Llegó en el peor momento de mi vida, en aquellos días mi madre sufrió una
trombosis y fallecería tras seis meses de continuas complicaciones... El
"hombre de mi vida" desapareció sin ninguna explicación, y no es literal el
termino desaparecer, es que de la noche a la mañana "si te he visto no me
acuerdo", no volví a saber nada de él hasta mucho tiempo después... Yo
estaba destrozada, sólo quería morirme, nada llenaba mi angustia y mi vacío.
Una amiga me repetía continuamente que lo que yo necesitaba era alguien que
me quisiera y un frío día de Diciembre apareció con un cachorrito gordo, que
nada más verle me conquistó el corazón.

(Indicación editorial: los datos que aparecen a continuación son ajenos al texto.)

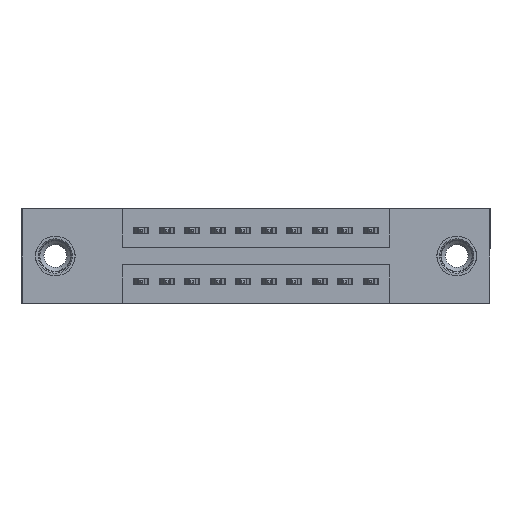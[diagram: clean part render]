
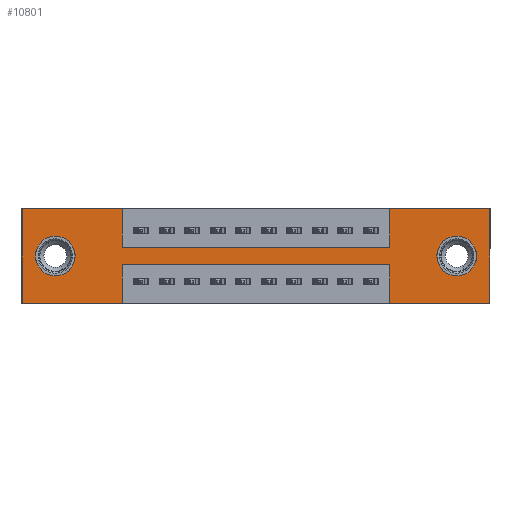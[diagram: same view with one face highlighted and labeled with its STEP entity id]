
A CAD part, front view. The second image highlights one B-rep face of the part: STEP entity #10801.
In plain terms, the highlighted planar face has unit normal (0, -1, 0).
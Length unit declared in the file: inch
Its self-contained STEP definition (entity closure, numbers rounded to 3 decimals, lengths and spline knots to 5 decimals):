
#139 = EDGE_CURVE ( 'NONE', #8749, #3415, #9519, .T. ) ;
#315 = FACE_BOUND ( 'NONE', #7344, .T. ) ;
#671 = CARTESIAN_POINT ( 'NONE',  ( 0.13, 0., -0.185 ) ) ;
#731 = AXIS2_PLACEMENT_3D ( 'NONE', #3552, #11281, #4659 ) ;
#856 = VERTEX_POINT ( 'NONE', #7447 ) ;
#896 = VECTOR ( 'NONE', #7939, 39.37008 ) ;
#1159 = ORIENTED_EDGE ( 'NONE', *, *, #11976, .F. ) ;
#1239 = ORIENTED_EDGE ( 'NONE', *, *, #139, .F. ) ;
#1399 = VECTOR ( 'NONE', #6312, 39.37008 ) ;
#1446 = DIRECTION ( 'NONE',  ( 0., 0., -1. ) ) ;
#1463 = CARTESIAN_POINT ( 'NONE',  ( 1.4425, 0., 0. ) ) ;
#1480 = CARTESIAN_POINT ( 'NONE',  ( 0.3925, 0., 0. ) ) ;
#1563 = AXIS2_PLACEMENT_3D ( 'NONE', #11235, #4613, #12337 ) ;
#1798 = CARTESIAN_POINT ( 'NONE',  ( 1.835, 0., 0. ) ) ;
#1817 = DIRECTION ( 'NONE',  ( 0., 0., 1. ) ) ;
#1851 = LINE ( 'NONE', #1463, #12097 ) ;
#2071 = CARTESIAN_POINT ( 'NONE',  ( 1.4425, 0., -0.37 ) ) ;
#2075 = EDGE_CURVE ( 'NONE', #8522, #8749, #10723, .T. ) ;
#2186 = CARTESIAN_POINT ( 'NONE',  ( 1.835, 0., 0. ) ) ;
#2227 = VECTOR ( 'NONE', #1446, 39.37008 ) ;
#2319 = CIRCLE ( 'NONE', #3474, 0.078 ) ;
#2452 = ORIENTED_EDGE ( 'NONE', *, *, #2075, .F. ) ;
#2782 = ORIENTED_EDGE ( 'NONE', *, *, #8861, .F. ) ;
#3017 = DIRECTION ( 'NONE',  ( -1., 0., 0. ) ) ;
#3173 = CARTESIAN_POINT ( 'NONE',  ( 1.4425, 0., 0. ) ) ;
#3208 = ORIENTED_EDGE ( 'NONE', *, *, #8839, .F. ) ;
#3210 = DIRECTION ( 'NONE',  ( 0., -1., 0. ) ) ;
#3300 = ORIENTED_EDGE ( 'NONE', *, *, #11828, .F. ) ;
#3328 = CARTESIAN_POINT ( 'NONE',  ( 0., 0., 0. ) ) ;
#3340 = ORIENTED_EDGE ( 'NONE', *, *, #9428, .F. ) ;
#3368 = AXIS2_PLACEMENT_3D ( 'NONE', #671, #8419, #1817 ) ;
#3377 = ORIENTED_EDGE ( 'NONE', *, *, #8779, .T. ) ;
#3415 = VERTEX_POINT ( 'NONE', #4235 ) ;
#3474 = AXIS2_PLACEMENT_3D ( 'NONE', #5656, #13384, #6744 ) ;
#3502 = ORIENTED_EDGE ( 'NONE', *, *, #13169, .F. ) ;
#3552 = CARTESIAN_POINT ( 'NONE',  ( 0.13, 0., -0.185 ) ) ;
#4204 = VERTEX_POINT ( 'NONE', #2186 ) ;
#4235 = CARTESIAN_POINT ( 'NONE',  ( 1.4425, 0., -0.15 ) ) ;
#4248 = LINE ( 'NONE', #4992, #10099 ) ;
#4532 = LINE ( 'NONE', #7075, #10044 ) ;
#4613 = DIRECTION ( 'NONE',  ( 0., 1., 0. ) ) ;
#4659 = DIRECTION ( 'NONE',  ( 0., 0., 1. ) ) ;
#4670 = DIRECTION ( 'NONE',  ( -1., 0., 0. ) ) ;
#4992 = CARTESIAN_POINT ( 'NONE',  ( 1.4425, 0., -0.37 ) ) ;
#5208 = CARTESIAN_POINT ( 'NONE',  ( 0., 0., 0. ) ) ;
#5373 = VECTOR ( 'NONE', #8278, 39.37008 ) ;
#5423 = VERTEX_POINT ( 'NONE', #10000 ) ;
#5586 = VERTEX_POINT ( 'NONE', #8025 ) ;
#5614 = ORIENTED_EDGE ( 'NONE', *, *, #10997, .T. ) ;
#5626 = ORIENTED_EDGE ( 'NONE', *, *, #7532, .T. ) ;
#5656 = CARTESIAN_POINT ( 'NONE',  ( 1.705, 0., -0.185 ) ) ;
#5742 = CARTESIAN_POINT ( 'NONE',  ( 0., 0., -0.37 ) ) ;
#6034 = EDGE_CURVE ( 'NONE', #856, #8522, #13503, .T. ) ;
#6227 = EDGE_LOOP ( 'NONE', ( #10117, #5614 ) ) ;
#6311 = VECTOR ( 'NONE', #10683, 39.37008 ) ;
#6312 = DIRECTION ( 'NONE',  ( 0., 0., 1. ) ) ;
#6325 = CARTESIAN_POINT ( 'NONE',  ( 0.3925, 0., 0. ) ) ;
#6624 = LINE ( 'NONE', #1798, #6311 ) ;
#6736 = CARTESIAN_POINT ( 'NONE',  ( 0.3925, 0., -0.22 ) ) ;
#6744 = DIRECTION ( 'NONE',  ( 0., 0., -1. ) ) ;
#6885 = VERTEX_POINT ( 'NONE', #8971 ) ;
#7029 = CARTESIAN_POINT ( 'NONE',  ( 0., 0., -0.37 ) ) ;
#7052 = VERTEX_POINT ( 'NONE', #7029 ) ;
#7075 = CARTESIAN_POINT ( 'NONE',  ( 0.3925, 0., -0.22 ) ) ;
#7109 = EDGE_CURVE ( 'NONE', #12414, #11078, #11294, .T. ) ;
#7192 = EDGE_CURVE ( 'NONE', #10699, #11425, #13158, .T. ) ;
#7319 = CARTESIAN_POINT ( 'NONE',  ( 0.3925, 0., -0.15 ) ) ;
#7344 = EDGE_LOOP ( 'NONE', ( #3377, #5626 ) ) ;
#7366 = CARTESIAN_POINT ( 'NONE',  ( 0., 0., -0.37 ) ) ;
#7447 = CARTESIAN_POINT ( 'NONE',  ( 0., 0., 0. ) ) ;
#7532 = EDGE_CURVE ( 'NONE', #7611, #6885, #8980, .T. ) ;
#7611 = VERTEX_POINT ( 'NONE', #13501 ) ;
#7686 = AXIS2_PLACEMENT_3D ( 'NONE', #8661, #3210, #10937 ) ;
#7702 = EDGE_LOOP ( 'NONE', ( #11899, #3300, #13441, #1159, #3340, #2782, #3502, #1239, #2452, #7806, #13071, #3208 ) ) ;
#7753 = CARTESIAN_POINT ( 'NONE',  ( 0.3925, 0., -0.15 ) ) ;
#7806 = ORIENTED_EDGE ( 'NONE', *, *, #6034, .F. ) ;
#7866 = DIRECTION ( 'NONE',  ( 1., 0., 0. ) ) ;
#7939 = DIRECTION ( 'NONE',  ( 1., 0., 0. ) ) ;
#8025 = CARTESIAN_POINT ( 'NONE',  ( 1.4425, 0., -0.22 ) ) ;
#8067 = DIRECTION ( 'NONE',  ( 0., 0., 1. ) ) ;
#8278 = DIRECTION ( 'NONE',  ( 0., 0., -1. ) ) ;
#8419 = DIRECTION ( 'NONE',  ( 0., 1., 0. ) ) ;
#8522 = VERTEX_POINT ( 'NONE', #6325 ) ;
#8600 = CARTESIAN_POINT ( 'NONE',  ( 0.13, 0., -0.263 ) ) ;
#8661 = CARTESIAN_POINT ( 'NONE',  ( 0., 0., -0.37 ) ) ;
#8749 = VERTEX_POINT ( 'NONE', #7753 ) ;
#8779 = EDGE_CURVE ( 'NONE', #6885, #7611, #2319, .T. ) ;
#8839 = EDGE_CURVE ( 'NONE', #11078, #7052, #10111, .T. ) ;
#8861 = EDGE_CURVE ( 'NONE', #10271, #4204, #9763, .T. ) ;
#8971 = CARTESIAN_POINT ( 'NONE',  ( 1.705, 0., -0.107 ) ) ;
#8980 = CIRCLE ( 'NONE', #1563, 0.078 ) ;
#9075 = CARTESIAN_POINT ( 'NONE',  ( 0., 0., 0. ) ) ;
#9110 = CARTESIAN_POINT ( 'NONE',  ( 0.3925, 0., -0.37 ) ) ;
#9424 = CARTESIAN_POINT ( 'NONE',  ( 0.3925, 0., -0.37 ) ) ;
#9428 = EDGE_CURVE ( 'NONE', #4204, #5423, #6624, .T. ) ;
#9519 = LINE ( 'NONE', #7319, #12133 ) ;
#9763 = LINE ( 'NONE', #9075, #896 ) ;
#9816 = PLANE ( 'NONE',  #7686 ) ;
#10000 = CARTESIAN_POINT ( 'NONE',  ( 1.835, 0., -0.37 ) ) ;
#10031 = EDGE_CURVE ( 'NONE', #10806, #5586, #4248, .T. ) ;
#10044 = VECTOR ( 'NONE', #10482, 39.37008 ) ;
#10099 = VECTOR ( 'NONE', #12680, 39.37008 ) ;
#10111 = LINE ( 'NONE', #5742, #12701 ) ;
#10117 = ORIENTED_EDGE ( 'NONE', *, *, #7192, .T. ) ;
#10255 = LINE ( 'NONE', #5208, #1399 ) ;
#10271 = VERTEX_POINT ( 'NONE', #3173 ) ;
#10482 = DIRECTION ( 'NONE',  ( -1., 0., 0. ) ) ;
#10606 = VECTOR ( 'NONE', #13990, 39.37008 ) ;
#10683 = DIRECTION ( 'NONE',  ( 0., 0., -1. ) ) ;
#10699 = VERTEX_POINT ( 'NONE', #10746 ) ;
#10713 = EDGE_CURVE ( 'NONE', #7052, #856, #10255, .T. ) ;
#10723 = LINE ( 'NONE', #1480, #2227 ) ;
#10746 = CARTESIAN_POINT ( 'NONE',  ( 0.13, 0., -0.107 ) ) ;
#10801 = ADVANCED_FACE ( 'NONE', ( #315, #11832, #11488 ), #9816, .T. ) ;
#10806 = VERTEX_POINT ( 'NONE', #2071 ) ;
#10918 = VECTOR ( 'NONE', #3017, 39.37008 ) ;
#10937 = DIRECTION ( 'NONE',  ( 0., 0., -1. ) ) ;
#10997 = EDGE_CURVE ( 'NONE', #11425, #10699, #11986, .T. ) ;
#11078 = VERTEX_POINT ( 'NONE', #9110 ) ;
#11235 = CARTESIAN_POINT ( 'NONE',  ( 1.705, 0., -0.185 ) ) ;
#11281 = DIRECTION ( 'NONE',  ( 0., 1., 0. ) ) ;
#11294 = LINE ( 'NONE', #9424, #5373 ) ;
#11425 = VERTEX_POINT ( 'NONE', #8600 ) ;
#11488 = FACE_OUTER_BOUND ( 'NONE', #7702, .T. ) ;
#11828 = EDGE_CURVE ( 'NONE', #5586, #12414, #4532, .T. ) ;
#11832 = FACE_BOUND ( 'NONE', #6227, .T. ) ;
#11899 = ORIENTED_EDGE ( 'NONE', *, *, #7109, .F. ) ;
#11976 = EDGE_CURVE ( 'NONE', #5423, #10806, #13793, .T. ) ;
#11986 = CIRCLE ( 'NONE', #731, 0.078 ) ;
#12097 = VECTOR ( 'NONE', #8067, 39.37008 ) ;
#12133 = VECTOR ( 'NONE', #7866, 39.37008 ) ;
#12337 = DIRECTION ( 'NONE',  ( 0., 0., -1. ) ) ;
#12414 = VERTEX_POINT ( 'NONE', #6736 ) ;
#12680 = DIRECTION ( 'NONE',  ( 0., 0., 1. ) ) ;
#12701 = VECTOR ( 'NONE', #4670, 39.37008 ) ;
#13071 = ORIENTED_EDGE ( 'NONE', *, *, #10713, .F. ) ;
#13158 = CIRCLE ( 'NONE', #3368, 0.078 ) ;
#13169 = EDGE_CURVE ( 'NONE', #3415, #10271, #1851, .T. ) ;
#13384 = DIRECTION ( 'NONE',  ( 0., 1., 0. ) ) ;
#13441 = ORIENTED_EDGE ( 'NONE', *, *, #10031, .F. ) ;
#13501 = CARTESIAN_POINT ( 'NONE',  ( 1.705, 0., -0.263 ) ) ;
#13503 = LINE ( 'NONE', #3328, #10606 ) ;
#13793 = LINE ( 'NONE', #7366, #10918 ) ;
#13990 = DIRECTION ( 'NONE',  ( 1., 0., 0. ) ) ;

Ese día no hice nada de nada, ni
siquiera tendí la ropa que estaba lavada dentro de la lavadora, sólo
pendiente de aquella cosita tan linda y amorosita.
Fue y sigue siendo mi alegría y la de mi familia. Mi padre (95 años) y que
vive en casa desde que falleció mi madre le adora y tienen una enorme
complicidad . Él es una persona reservada, que habla poco y a veces me
sorprendo porque creo que está hablando sólo y resulta que tiene una
conversación de lo más amena con Lolo, conversación que no tiene conmigo por
supuesto. Lolo es su debilidad y su terapia contra la depresión.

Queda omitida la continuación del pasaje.